The problem: When the word "drawing" shows up in a line of the records below, copy that line.

Information given:

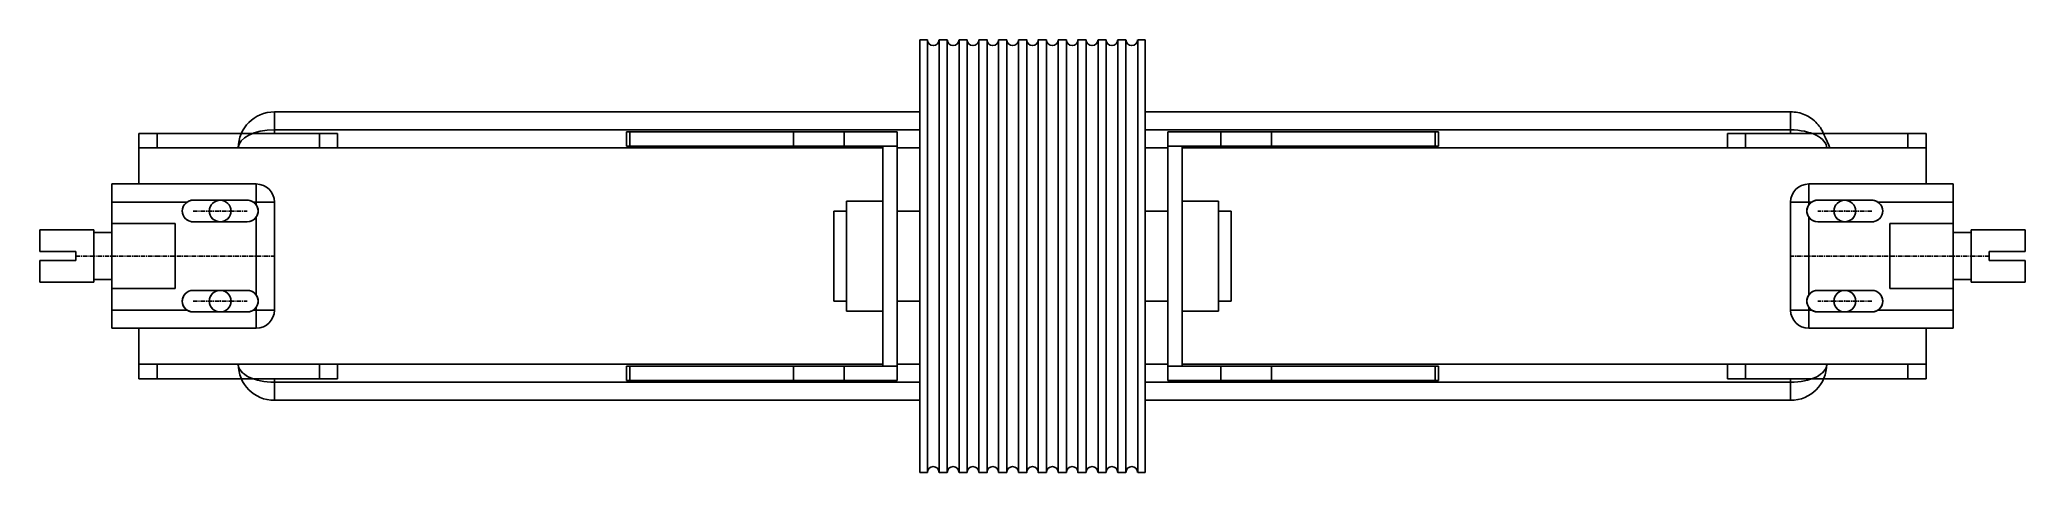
# Model space of a CAD drawing. Header units: millimetres. Extents: x 0 to 1100, y 3 to 243.
import ezdxf

# ---------------------------------------------------------------- set-up
doc = ezdxf.new("R2010")
doc.units = ezdxf.units.MM
doc.linetypes.add('CENTERX2', pattern=[4, 2.5, -0.5, 0.5, -0.5])

msp = doc.modelspace()

# ---------------------------------------------------------------- linework, layer by layer
at = {"color": 7, "linetype": 'Continuous', "lineweight": 25}
for p, q in [((491.8, 243.2), (487.5, 243.2)), ((487.5, 243.2), (487.5, 3.2)), ((491.8, 243.2), (491.8, 3.2)), ((502.8, 243.2), (498.3, 243.2)), ((498.3, 243.2), (498.3, 3.2)), ((502.8, 243.2), (502.8, 3.2)), ((513.8, 243.2), (509.3, 243.2)), ((509.3, 243.2), (509.3, 3.2)), ((513.8, 243.2), (513.8, 3.2)), ((524.8, 243.2), (520.3, 243.2)), ((520.3, 243.2), (520.3, 3.2)), ((524.8, 243.2), (524.8, 3.2)), ((535.7, 243.2), (531.2, 243.2)), ((531.2, 243.2), (531.2, 3.2)), ((535.7, 243.2), (535.7, 3.2)), ((546.8, 243.2), (542.3, 243.2)), ((542.3, 243.2), (542.3, 3.2)), ((546.8, 243.2), (546.8, 3.2)), ((557.7, 243.2), (553.2, 243.2)), ((553.2, 243.2), (553.2, 3.2)), ((557.7, 243.2), (557.7, 3.2)), ((568.8, 243.2), (564.3, 243.2)), ((564.3, 243.2), (564.3, 3.2)), ((568.8, 243.2), (568.8, 3.2)), ((579.7, 243.2), (575.2, 243.2)), ((575.2, 243.2), (575.2, 3.2)), ((579.7, 243.2), (579.7, 3.2)), ((590.8, 243.2), (586.3, 243.2)), ((586.3, 243.2), (586.3, 3.2)), ((590.8, 243.2), (590.8, 3.2)), ((601.7, 243.2), (597.2, 243.2)), ((597.2, 243.2), (597.2, 3.2)), ((601.7, 243.2), (601.7, 3.2)), ((612.5, 243.2), (608.3, 243.2)), ((608.3, 243.2), (608.3, 3.2)), ((612.5, 243.2), (612.5, 3.2)), ((130, 203.2), (130, 193.2)), ((130, 203.2), (487.5, 203.2)), ((612.5, 203.2), (970, 203.2)), ((970, 193.2), (970, 203.2)), ((55, 191.2), (55, 183.2)), ((55, 191.2), (65, 191.2)), ((65, 191.2), (65, 183.2)), ((65, 191.2), (155, 191.2)), ((155, 191.2), (155, 183.2)), ((155, 191.2), (165, 191.2)), ((165, 191.2), (165, 183.2)), ((325, 184.2), (325, 192.2)), ((325, 192.2), (327, 192.2)), ((327, 192.2), (327, 184.2)), ((327, 192.2), (417.6, 192.2)), ((417.6, 184.2), (417.6, 192.2)), ((417.6, 192.2), (445.6, 192.2)), ((445.6, 192.2), (445.6, 184.2)), ((445.6, 192.2), (475, 192.2)), ((475, 184.2), (475, 192.2)), ((625, 192.2), (625, 184.2)), ((654.4, 192.2), (625, 192.2)), ((654.4, 184.2), (654.4, 192.2)), ((654.4, 192.2), (682.4, 192.2)), ((682.4, 192.2), (682.4, 184.2)), ((773, 192.2), (682.4, 192.2)), ((773, 184.2), (773, 192.2)), ((773, 192.2), (775, 192.2)), ((775, 192.2), (775, 184.2)), ((935, 183.2), (935, 191.2)), ((945, 191.2), (935, 191.2)), ((945, 183.2), (945, 191.2)), ((1035, 191.2), (945, 191.2)), ((1035, 183.2), (1035, 191.2)), ((1045, 191.2), (1035, 191.2)), ((1045, 183.2), (1045, 191.2)), ((467, 183.2), (55, 183.2)), ((55, 183.2), (55, 163.2)), ((65, 183.2), (155, 183.2)), ((327, 184.2), (325, 184.2)), ((327, 184.2), (417.6, 184.2)), ((445.6, 184.2), (417.6, 184.2)), ((445.6, 184.2), (475, 184.2)), ((475, 184.2), (467, 184.2)), ((467, 184.2), (467, 62.2)), ((475, 184.2), (475, 62.2)), ((487.5, 183.2), (475, 183.2)), ((625, 183.2), (612.5, 183.2)), ((654.4, 184.2), (625, 184.2)), ((625, 184.2), (633, 184.2)), ((625, 62.2), (625, 184.2)), ((633, 62.2), (633, 184.2)), ((1045, 183.2), (633, 183.2)), ((682.4, 184.2), (654.4, 184.2)), ((773, 184.2), (682.4, 184.2)), ((775, 184.2), (773, 184.2)), ((1035, 183.2), (945, 183.2)), ((1045, 183.2), (1045, 163.2)), ((40, 163.2), (120, 163.2)), ((40, 153.2), (40, 163.2)), ((115, 154.2), (85, 154.2)), ((120, 153.2), (120, 163.2)), ((980, 153.2), (980, 163.2)), ((980, 163.2), (1060, 163.2)), ((1015, 154.2), (985, 154.2)), ((1060, 163.2), (1060, 153.2)), ((81.7, 153.2), (40, 153.2)), ((40, 153.2), (40, 141.2)), ((120, 153.2), (118.3, 153.2)), ((120, 153.2), (130, 153.2)), ((120, 151.6), (120, 153.2)), ((120, 101.6), (120, 144.9)), ((130, 153.2), (130, 93.2)), ((447, 148.2), (440, 148.2)), ((440, 148.2), (440, 98.2)), ((467, 153.7), (447, 153.7)), ((447, 153.7), (447, 150.1)), ((447, 150.1), (447, 92.7)), ((487.5, 148.2), (475, 148.2)), ((625, 148.2), (612.5, 148.2)), ((653, 153.7), (633, 153.7)), ((653, 153.7), (653, 150.1)), ((653, 150.1), (653, 92.7)), ((660, 148.2), (653, 148.2)), ((660, 148.2), (660, 98.2)), ((980, 153.2), (970, 153.2)), ((970, 93.2), (970, 153.2)), ((981.7, 153.2), (980, 153.2)), ((980, 153.2), (980, 151.6)), ((980, 144.9), (980, 101.6)), ((1060, 153.2), (1018.3, 153.2)), ((1060, 141.2), (1060, 153.2)), ((0, 137.7), (30, 137.7)), ((0, 125.7), (0, 137.7)), ((30, 137.7), (30, 108.7)), ((40, 136.2), (30, 136.2)), ((40, 141.2), (75, 141.2)), ((40, 105.2), (40, 141.2)), ((75, 105.2), (75, 141.2)), ((85, 142.2), (115, 142.2)), ((985, 142.2), (1015, 142.2)), ((1025, 141.2), (1060, 141.2)), ((1025, 141.2), (1025, 105.2)), ((1060, 141.2), (1060, 105.2)), ((1070, 136.2), (1060, 136.2)), ((1070, 137.7), (1100, 137.7)), ((1070, 108.7), (1070, 137.7)), ((1100, 137.7), (1100, 125.7)), ((20, 125.7), (0, 125.7)), ((20, 120.7), (20, 125.7)), ((1100, 125.7), (1080, 125.7)), ((1080, 125.7), (1080, 120.7)), ((0, 108.7), (0, 120.7)), ((0, 120.7), (20, 120.7)), ((30, 110.2), (40, 110.2)), ((1060, 110.2), (1070, 110.2)), ((1080, 120.7), (1100, 120.7)), ((1100, 120.7), (1100, 108.7)), ((30, 108.7), (0, 108.7)), ((75, 105.2), (40, 105.2)), ((40, 105.2), (40, 93.2)), ((115, 104.2), (85, 104.2)), ((1015, 104.2), (985, 104.2)), ((1060, 105.2), (1025, 105.2)), ((1060, 93.2), (1060, 105.2)), ((1100, 108.7), (1070, 108.7)), ((40, 93.2), (81.7, 93.2)), ((40, 83.2), (40, 93.2)), ((85, 92.2), (115, 92.2)), ((118.3, 93.2), (120, 93.2)), ((120, 93.2), (120, 94.9)), ((120, 93.2), (130, 93.2)), ((120, 93.2), (120, 83.2)), ((440, 98.2), (447, 98.2)), ((447, 92.7), (467, 92.7)), ((475, 98.2), (487.5, 98.2)), ((612.5, 98.2), (625, 98.2)), ((633, 92.7), (653, 92.7)), ((653, 98.2), (660, 98.2)), ((980, 93.2), (970, 93.2)), ((980, 94.9), (980, 93.2)), ((980, 93.2), (980, 83.2)), ((980, 93.2), (981.7, 93.2)), ((985, 92.2), (1015, 92.2)), ((1018.3, 93.2), (1060, 93.2)), ((1060, 93.2), (1060, 83.2)), ((120, 83.2), (40, 83.2)), ((55, 83.2), (55, 63.2)), ((1060, 83.2), (980, 83.2)), ((1045, 83.2), (1045, 63.2)), ((467, 63.2), (55, 63.2)), ((55, 63.2), (55, 55.2)), ((55, 55.2), (65, 55.2)), ((65, 63.2), (65, 55.2)), ((65, 63.2), (155, 63.2)), ((65, 55.2), (155, 55.2)), ((155, 63.2), (155, 55.2)), ((155, 55.2), (165, 55.2)), ((165, 63.2), (165, 55.2)), ((325, 54.2), (325, 62.2)), ((325, 62.2), (327, 62.2)), ((327, 62.2), (327, 54.2)), ((327, 62.2), (417.6, 62.2)), ((417.6, 54.2), (417.6, 62.2)), ((417.6, 62.2), (445.6, 62.2)), ((445.6, 62.2), (445.6, 54.2)), ((445.6, 62.2), (475, 62.2)), ((475, 62.2), (467, 62.2)), ((487.5, 63.2), (475, 63.2)), ((475, 54.2), (475, 62.2)), ((625, 63.2), (612.5, 63.2)), ((625, 62.2), (625, 54.2)), ((654.4, 62.2), (625, 62.2)), ((625, 62.2), (633, 62.2)), ((1045, 63.2), (633, 63.2)), ((654.4, 54.2), (654.4, 62.2)), ((654.4, 62.2), (682.4, 62.2)), ((682.4, 62.2), (682.4, 54.2)), ((773, 62.2), (682.4, 62.2)), ((773, 54.2), (773, 62.2)), ((773, 62.2), (775, 62.2)), ((775, 62.2), (775, 54.2)), ((935, 55.2), (935, 63.2)), ((945, 55.2), (935, 55.2)), ((945, 55.2), (945, 63.2)), ((1035, 63.2), (945, 63.2)), ((1035, 55.2), (945, 55.2)), ((1035, 55.2), (1035, 63.2)), ((1045, 55.2), (1035, 55.2)), ((1045, 55.2), (1045, 63.2)), ((130, 53.2), (130, 43.2)), ((327, 54.2), (325, 54.2)), ((327, 54.2), (417.6, 54.2)), ((445.6, 54.2), (417.6, 54.2)), ((445.6, 54.2), (475, 54.2)), ((654.4, 54.2), (625, 54.2)), ((682.4, 54.2), (654.4, 54.2)), ((773, 54.2), (682.4, 54.2)), ((775, 54.2), (773, 54.2)), ((970, 43.2), (970, 53.2)), ((487.5, 43.2), (130, 43.2)), ((970, 43.2), (612.5, 43.2)), ((487.5, 3.2), (491.8, 3.2)), ((498.3, 3.2), (502.8, 3.2)), ((509.3, 3.2), (513.8, 3.2)), ((520.3, 3.2), (524.8, 3.2)), ((531.2, 3.2), (535.7, 3.2)), ((542.3, 3.2), (546.8, 3.2)), ((553.2, 3.2), (557.7, 3.2)), ((564.3, 3.2), (568.8, 3.2)), ((575.2, 3.2), (579.7, 3.2)), ((586.3, 3.2), (590.8, 3.2)), ((597.2, 3.2), (601.7, 3.2)), ((608.3, 3.2), (612.5, 3.2))]:
    msp.add_line(p, q, dxfattribs=at)
at = {"color": 8, "linetype": 'Continuous', "lineweight": 25}
for p, q in [((130, 193.2), (130, 191.2)), ((487.5, 193.2), (130, 193.2)), ((970, 193.2), (612.5, 193.2)), ((970, 191.2), (970, 193.2)), ((130, 55.2), (130, 53.2)), ((970, 53.2), (970, 55.2)), ((130, 53.2), (487.5, 53.2)), ((612.5, 53.2), (970, 53.2))]:
    msp.add_line(p, q, dxfattribs=at)
at = {"color": 7, "linetype": 'Continuous'}
for p, q in [((85, 154.2), (115, 154.2)), ((85, 154.2), (115, 154.2)), ((1015, 154.2), (985, 154.2)), ((1015, 154.2), (985, 154.2)), ((85, 142.2), (115, 142.2)), ((85, 142.2), (115, 142.2)), ((1015, 142.2), (985, 142.2)), ((1015, 142.2), (985, 142.2)), ((85, 104.2), (115, 104.2)), ((85, 104.2), (115, 104.2)), ((1015, 104.2), (985, 104.2)), ((1015, 104.2), (985, 104.2)), ((85, 92.2), (115, 92.2)), ((85, 92.2), (115, 92.2)), ((1015, 92.2), (985, 92.2)), ((1015, 92.2), (985, 92.2))]:
    msp.add_line(p, q, dxfattribs=at)
at = {"color": 7, "linetype": 'CENTERX2'}
for p, q in [((85, 148.2), (115, 148.2)), ((85, 148.2), (115, 148.2)), ((1015, 148.2), (985, 148.2)), ((1015, 148.2), (985, 148.2)), ((20, 123.2), (130, 123.2)), ((20, 123.2), (130, 123.2)), ((1080, 123.2), (970, 123.2)), ((1080, 123.2), (970, 123.2)), ((85, 98.2), (115, 98.2)), ((85, 98.2), (115, 98.2)), ((1015, 98.2), (985, 98.2)), ((1015, 98.2), (985, 98.2))]:
    msp.add_line(p, q, dxfattribs=at)
for centre in [(100, 148.2), (100, 148.2), (1000, 148.2), (1000, 148.2), (100, 98.2), (100, 98.2), (1000, 98.2), (1000, 98.2)]:
    msp.add_circle(centre, 6, dxfattribs=at)
at = {"color": 7, "linetype": 'Continuous', "lineweight": 25}
for centre in [(100, 148.2), (1000, 148.2), (100, 98.2), (1000, 98.2)]:
    msp.add_circle(centre, 6, dxfattribs=at)
for centre, radius, start, end in [((495, 243.2), 3.25, 180, 0), ((506, 243.2), 3.25, 180, 0), ((517, 243.2), 3.25, 180, 0), ((528, 243.2), 3.25, 180, 0), ((539, 243.2), 3.25, 180, 0), ((550, 243.2), 3.25, 180, 0), ((561, 243.2), 3.25, 180, 0), ((572, 243.2), 3.25, 180, 0), ((583, 243.2), 3.25, 180, 0), ((594, 243.2), 3.25, 180, 0), ((605, 243.2), 3.25, 180, 0), ((130, 183.2), 20, 90, 180), ((120, 153.2), 10, 0, 90), ((980, 153.2), 10, 90, 180), ((85, 148.2), 6, 123.5573, 270), ((115, 148.2), 6, 270, 326.4427), ((115, 148.2), 6, 33.5573, 56.4427), ((985, 148.2), 6, 123.5573, 146.4427), ((985, 148.2), 6, 213.5573, 270), ((1015, 148.2), 6, 270, 56.4427), ((85, 98.2), 6, 90, 236.4427), ((115, 98.2), 6, 33.5573, 90), ((985, 98.2), 6, 90, 146.4427), ((1015, 98.2), 6, 303.5573, 90), ((115, 98.2), 6, 303.5573, 326.4427), ((120, 93.2), 10, 270, 0), ((980, 93.2), 10, 180, 270), ((985, 98.2), 6, 213.5573, 236.4427), ((130, 63.2), 20, 180, 270), ((970, 63.2), 20, 270, 0), ((495, 3.2), 3.25, 0, 180), ((506, 3.2), 3.25, 0, 180), ((517, 3.2), 3.25, 0, 180), ((528, 3.2), 3.25, 0, 180), ((539, 3.2), 3.25, 0, 180), ((550, 3.2), 3.25, 0, 180), ((561, 3.2), 3.25, 0, 180), ((572, 3.2), 3.25, 0, 180), ((583, 3.2), 3.25, 0, 180), ((594, 3.2), 3.25, 0, 180), ((605, 3.2), 3.25, 0, 180)]:
    msp.add_arc(centre, radius, start, end, dxfattribs=at)
at = {"color": 7, "linetype": 'Continuous'}
for centre, start, end in [((85, 148.2), 90, 270), ((85, 148.2), 90, 270), ((115, 148.2), 270, 90), ((115, 148.2), 270, 90), ((985, 148.2), 90, 270), ((985, 148.2), 90, 270), ((1015, 148.2), 270, 90), ((1015, 148.2), 270, 90), ((85, 98.2), 90, 270), ((85, 98.2), 90, 270), ((115, 98.2), 270, 90), ((115, 98.2), 270, 90), ((985, 98.2), 90, 270), ((985, 98.2), 90, 270), ((1015, 98.2), 270, 90), ((1015, 98.2), 270, 90)]:
    msp.add_arc(centre, 6, start, end, dxfattribs=at)
at = {"color": 8, "linetype": 'Continuous', "lineweight": 25}
for centre, start_param, end_param in [((130, 183.2), 1.570797, 3.141593), ((970, 183.2), 0, 1.570797), ((130, 63.2), 3.141593, 4.713169), ((970, 63.2), 4.711609, 6.283185)]:
    msp.add_ellipse(centre, major_axis=(20, 0), ratio=0.5, start_param=start_param, end_param=end_param, dxfattribs=at)
at = {"color": 7, "linetype": 'Continuous', "lineweight": 25}
for points, knots in [([(991.8, 183.2), (990.6, 185.9), (989.4, 188.6), (988.2, 191.2), (988.2, 191.2), (988.2, 191.2), (988.2, 191.2), (987.8, 192.1), (986.9, 194), (984.7, 196.9), (981.7, 199.6), (978, 201.7), (974.1, 203), (971.3, 203.2), (970, 203.2)], [-0.41388, -0.41388, -0.41388, -0.41388, 0, 0, 0, 0, 0, 0, 0.125528, 0.304092, 0.482227, 0.658806, 0.832033, 1, 1, 1, 1]), ([(85, 154.2), (84.3, 154.2), (83.1, 154.1), (82.1, 153.5), (81.7, 153.2)], [0, 0, 0, 0, 0.574869, 1, 1, 1, 1]), ([(118.3, 153.2), (117.7, 153.6), (116.7, 154.1), (115.5, 154.2), (115, 154.2)], [0, 0, 0, 0, 0.574888, 1, 1, 1, 1]), ([(985, 154.2), (984.3, 154.2), (983.1, 154.1), (982.1, 153.5), (981.7, 153.2)], [0, 0, 0, 0, 0.57487, 1, 1, 1, 1]), ([(1018.3, 153.2), (1017.7, 153.6), (1016.7, 154.1), (1015.5, 154.2), (1015, 154.2)], [0, 0, 0, 0, 0.574891, 1, 1, 1, 1]), ([(120, 144.9), (120.3, 145.5), (121, 146.7), (121.1, 148.8), (120.7, 150.4), (120.2, 151.3), (120, 151.6)], [0, 0, 0, 0, 0.287552, 0.575089, 0.861886, 1, 1, 1, 1]), ([(980, 151.6), (979.7, 151), (979, 149.8), (978.9, 147.7), (979.3, 146.1), (979.8, 145.2), (980, 144.9)], [0, 0, 0, 0, 0.2875517, 0.5750891, 0.8618898, 1, 1, 1, 1]), ([(120, 94.9), (120.3, 95.5), (121, 96.7), (121.1, 98.8), (120.7, 100.4), (120.2, 101.3), (120, 101.6)], [0, 0, 0, 0, 0.287552, 0.575089, 0.861886, 1, 1, 1, 1]), ([(980, 101.6), (979.7, 101), (979, 99.8), (978.9, 97.7), (979.3, 96.1), (979.8, 95.2), (980, 94.9)], [0, 0, 0, 0, 0.2875519, 0.5750892, 0.8618898, 1, 1, 1, 1]), ([(81.7, 93.2), (82.3, 92.9), (83.3, 92.4), (84.5, 92.3), (85, 92.2)], [0, 0, 0, 0, 0.5748908, 1, 1, 1, 1]), ([(115, 92.2), (115.7, 92.3), (116.9, 92.4), (117.9, 93), (118.3, 93.2)], [0, 0, 0, 0, 0.574866, 1, 1, 1, 1]), ([(981.7, 93.2), (982.3, 92.9), (983.3, 92.4), (984.5, 92.3), (985, 92.2)], [0, 0, 0, 0, 0.5748842, 1, 1, 1, 1]), ([(1015, 92.2), (1015.7, 92.3), (1016.9, 92.4), (1017.9, 93), (1018.3, 93.2)], [0, 0, 0, 0, 0.574861, 1, 1, 1, 1])]:
    msp.add_open_spline(points, degree=3, knots=knots, dxfattribs=at)
at = {"color": 7, "linetype": 'Continuous'}
for p in [(100, 148.2), (100, 148.2), (1000, 148.2), (1000, 148.2), (100, 98.2), (100, 98.2), (1000, 98.2), (1000, 98.2)]:
    msp.add_point(p, dxfattribs=at)

doc.saveas('drawing.dxf')

Written reply:
# Model space of a CAD drawing. Header units: millimetres. Extents: x 0 to 1100, y 3 to 243.
doc.saveas('drawing.dxf')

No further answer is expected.